■ TASK PROMPT ■
Your answer should be one number, namely how many lines in the listing below include the word "mola".

■ MATERIAL PROVIDED ■
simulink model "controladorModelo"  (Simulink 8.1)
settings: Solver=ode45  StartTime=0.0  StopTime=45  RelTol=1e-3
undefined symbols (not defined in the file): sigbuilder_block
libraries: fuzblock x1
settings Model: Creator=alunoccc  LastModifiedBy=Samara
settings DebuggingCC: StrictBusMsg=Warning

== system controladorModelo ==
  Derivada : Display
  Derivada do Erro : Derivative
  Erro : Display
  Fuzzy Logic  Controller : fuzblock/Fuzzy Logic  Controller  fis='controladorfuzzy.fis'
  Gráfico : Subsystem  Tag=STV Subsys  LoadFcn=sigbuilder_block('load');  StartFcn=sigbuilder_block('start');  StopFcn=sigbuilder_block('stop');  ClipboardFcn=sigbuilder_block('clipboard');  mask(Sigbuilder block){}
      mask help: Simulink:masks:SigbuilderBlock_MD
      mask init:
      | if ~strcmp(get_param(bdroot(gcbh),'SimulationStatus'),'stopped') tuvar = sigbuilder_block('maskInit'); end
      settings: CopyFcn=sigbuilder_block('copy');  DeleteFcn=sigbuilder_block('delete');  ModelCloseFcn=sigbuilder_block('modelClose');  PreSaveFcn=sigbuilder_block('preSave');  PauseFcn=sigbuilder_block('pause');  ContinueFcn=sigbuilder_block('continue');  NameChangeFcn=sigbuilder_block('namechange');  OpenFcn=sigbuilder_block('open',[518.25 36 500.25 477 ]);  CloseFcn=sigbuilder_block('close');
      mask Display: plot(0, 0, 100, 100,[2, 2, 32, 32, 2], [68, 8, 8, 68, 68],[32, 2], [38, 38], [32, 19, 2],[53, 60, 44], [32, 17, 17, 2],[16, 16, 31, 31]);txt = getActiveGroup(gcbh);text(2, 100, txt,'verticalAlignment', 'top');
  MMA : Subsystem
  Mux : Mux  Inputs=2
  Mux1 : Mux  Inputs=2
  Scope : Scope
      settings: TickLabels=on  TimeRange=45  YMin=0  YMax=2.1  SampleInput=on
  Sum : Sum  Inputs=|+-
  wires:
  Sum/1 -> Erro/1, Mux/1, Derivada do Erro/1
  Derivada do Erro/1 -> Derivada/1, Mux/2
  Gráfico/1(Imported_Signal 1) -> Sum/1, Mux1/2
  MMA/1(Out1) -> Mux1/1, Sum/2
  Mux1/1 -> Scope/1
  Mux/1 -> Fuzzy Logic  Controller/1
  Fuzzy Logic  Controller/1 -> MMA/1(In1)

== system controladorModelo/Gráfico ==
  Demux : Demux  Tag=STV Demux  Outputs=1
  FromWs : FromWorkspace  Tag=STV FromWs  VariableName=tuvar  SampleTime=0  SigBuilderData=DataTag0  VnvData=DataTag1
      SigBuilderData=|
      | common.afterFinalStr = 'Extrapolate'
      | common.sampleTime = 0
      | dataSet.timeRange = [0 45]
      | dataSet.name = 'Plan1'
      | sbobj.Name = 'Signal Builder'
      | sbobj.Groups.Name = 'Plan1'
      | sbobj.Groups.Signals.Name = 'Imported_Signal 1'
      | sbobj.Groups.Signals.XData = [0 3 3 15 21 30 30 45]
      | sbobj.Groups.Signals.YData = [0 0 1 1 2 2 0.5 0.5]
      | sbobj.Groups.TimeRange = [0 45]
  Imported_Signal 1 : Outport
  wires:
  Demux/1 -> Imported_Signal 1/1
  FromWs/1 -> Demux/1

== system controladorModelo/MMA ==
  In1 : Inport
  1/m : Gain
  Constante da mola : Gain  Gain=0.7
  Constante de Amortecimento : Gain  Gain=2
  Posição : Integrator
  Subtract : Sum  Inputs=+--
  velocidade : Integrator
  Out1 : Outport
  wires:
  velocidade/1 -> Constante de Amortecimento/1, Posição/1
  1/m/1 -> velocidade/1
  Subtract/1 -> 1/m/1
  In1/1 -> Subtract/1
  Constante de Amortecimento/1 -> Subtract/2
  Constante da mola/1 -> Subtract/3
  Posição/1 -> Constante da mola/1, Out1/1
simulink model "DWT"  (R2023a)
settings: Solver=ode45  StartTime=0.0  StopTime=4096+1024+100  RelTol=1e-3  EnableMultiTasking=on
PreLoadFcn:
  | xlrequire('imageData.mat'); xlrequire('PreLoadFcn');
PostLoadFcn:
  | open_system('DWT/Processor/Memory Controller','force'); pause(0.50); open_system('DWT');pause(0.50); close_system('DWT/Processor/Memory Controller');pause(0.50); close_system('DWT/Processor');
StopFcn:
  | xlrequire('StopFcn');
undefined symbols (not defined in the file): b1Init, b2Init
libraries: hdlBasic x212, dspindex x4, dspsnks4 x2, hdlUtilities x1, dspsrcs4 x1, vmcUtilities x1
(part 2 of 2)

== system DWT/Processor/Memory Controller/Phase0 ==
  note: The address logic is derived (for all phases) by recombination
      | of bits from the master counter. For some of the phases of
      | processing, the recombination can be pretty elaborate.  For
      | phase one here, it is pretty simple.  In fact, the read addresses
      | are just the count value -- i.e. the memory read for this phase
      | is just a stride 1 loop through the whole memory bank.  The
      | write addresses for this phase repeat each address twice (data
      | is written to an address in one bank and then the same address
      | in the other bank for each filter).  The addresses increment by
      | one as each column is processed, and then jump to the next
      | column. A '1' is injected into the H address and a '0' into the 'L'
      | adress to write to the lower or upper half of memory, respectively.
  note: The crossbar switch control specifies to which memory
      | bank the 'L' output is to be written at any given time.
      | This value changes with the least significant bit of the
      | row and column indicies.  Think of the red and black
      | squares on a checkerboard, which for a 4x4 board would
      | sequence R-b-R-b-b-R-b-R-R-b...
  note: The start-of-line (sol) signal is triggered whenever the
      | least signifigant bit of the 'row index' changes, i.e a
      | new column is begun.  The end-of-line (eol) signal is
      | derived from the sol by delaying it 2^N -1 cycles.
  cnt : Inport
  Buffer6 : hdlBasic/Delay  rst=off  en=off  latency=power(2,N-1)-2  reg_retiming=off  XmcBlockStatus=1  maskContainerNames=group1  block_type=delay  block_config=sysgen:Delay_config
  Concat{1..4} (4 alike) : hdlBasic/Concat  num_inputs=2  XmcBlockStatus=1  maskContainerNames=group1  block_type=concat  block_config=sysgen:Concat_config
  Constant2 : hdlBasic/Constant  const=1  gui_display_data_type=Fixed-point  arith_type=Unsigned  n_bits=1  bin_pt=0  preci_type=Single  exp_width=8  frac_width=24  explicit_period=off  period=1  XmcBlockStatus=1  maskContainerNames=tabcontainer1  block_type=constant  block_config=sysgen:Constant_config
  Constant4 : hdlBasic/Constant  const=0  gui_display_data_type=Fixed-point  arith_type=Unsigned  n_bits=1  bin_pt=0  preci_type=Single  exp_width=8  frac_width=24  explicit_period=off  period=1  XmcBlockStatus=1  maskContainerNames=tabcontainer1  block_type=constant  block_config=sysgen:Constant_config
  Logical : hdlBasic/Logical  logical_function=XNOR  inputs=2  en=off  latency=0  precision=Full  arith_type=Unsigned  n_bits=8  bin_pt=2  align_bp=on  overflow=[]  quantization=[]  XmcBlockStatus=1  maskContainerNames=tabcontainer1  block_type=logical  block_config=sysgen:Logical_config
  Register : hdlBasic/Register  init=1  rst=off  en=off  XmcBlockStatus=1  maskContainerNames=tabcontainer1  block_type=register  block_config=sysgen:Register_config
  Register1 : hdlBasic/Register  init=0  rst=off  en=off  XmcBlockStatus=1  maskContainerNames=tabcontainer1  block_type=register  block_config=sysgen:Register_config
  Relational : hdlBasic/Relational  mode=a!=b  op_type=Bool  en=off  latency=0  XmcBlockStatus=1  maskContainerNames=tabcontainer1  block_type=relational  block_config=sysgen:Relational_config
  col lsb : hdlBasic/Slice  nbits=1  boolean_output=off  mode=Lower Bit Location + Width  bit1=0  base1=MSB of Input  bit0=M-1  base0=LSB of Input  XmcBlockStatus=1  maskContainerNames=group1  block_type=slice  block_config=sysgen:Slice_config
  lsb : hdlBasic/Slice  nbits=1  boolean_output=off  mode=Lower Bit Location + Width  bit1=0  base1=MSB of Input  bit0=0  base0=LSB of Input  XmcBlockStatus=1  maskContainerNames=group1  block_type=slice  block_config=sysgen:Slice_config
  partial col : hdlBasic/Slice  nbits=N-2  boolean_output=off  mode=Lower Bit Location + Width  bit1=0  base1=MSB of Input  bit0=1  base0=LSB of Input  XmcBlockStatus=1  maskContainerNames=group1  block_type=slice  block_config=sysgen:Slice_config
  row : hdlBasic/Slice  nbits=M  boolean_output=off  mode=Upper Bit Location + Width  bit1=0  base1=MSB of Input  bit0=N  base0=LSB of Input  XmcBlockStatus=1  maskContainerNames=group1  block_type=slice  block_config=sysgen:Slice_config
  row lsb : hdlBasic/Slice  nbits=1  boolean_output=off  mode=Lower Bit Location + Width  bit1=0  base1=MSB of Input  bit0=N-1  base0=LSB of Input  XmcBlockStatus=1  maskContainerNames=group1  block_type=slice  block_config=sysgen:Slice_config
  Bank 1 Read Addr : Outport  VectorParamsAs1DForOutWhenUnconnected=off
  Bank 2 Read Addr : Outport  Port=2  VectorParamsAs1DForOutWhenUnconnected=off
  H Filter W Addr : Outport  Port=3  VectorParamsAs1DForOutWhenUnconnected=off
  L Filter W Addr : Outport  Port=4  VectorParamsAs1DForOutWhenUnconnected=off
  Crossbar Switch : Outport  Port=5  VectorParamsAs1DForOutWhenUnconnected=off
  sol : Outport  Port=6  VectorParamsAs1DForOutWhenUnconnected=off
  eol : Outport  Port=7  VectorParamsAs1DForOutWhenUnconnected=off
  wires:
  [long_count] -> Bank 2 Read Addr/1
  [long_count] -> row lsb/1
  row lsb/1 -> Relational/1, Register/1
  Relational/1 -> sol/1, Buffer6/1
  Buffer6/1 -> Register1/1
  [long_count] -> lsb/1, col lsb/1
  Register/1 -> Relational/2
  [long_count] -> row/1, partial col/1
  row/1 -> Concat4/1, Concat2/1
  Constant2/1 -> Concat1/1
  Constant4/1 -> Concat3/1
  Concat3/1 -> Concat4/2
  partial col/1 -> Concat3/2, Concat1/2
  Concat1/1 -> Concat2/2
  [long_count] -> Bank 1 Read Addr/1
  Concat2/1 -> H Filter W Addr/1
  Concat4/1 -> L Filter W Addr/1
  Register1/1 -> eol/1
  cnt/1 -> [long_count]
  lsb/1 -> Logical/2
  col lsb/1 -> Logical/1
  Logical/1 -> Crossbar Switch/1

■ SOLUTION FOR THIS EXERCISE ■
3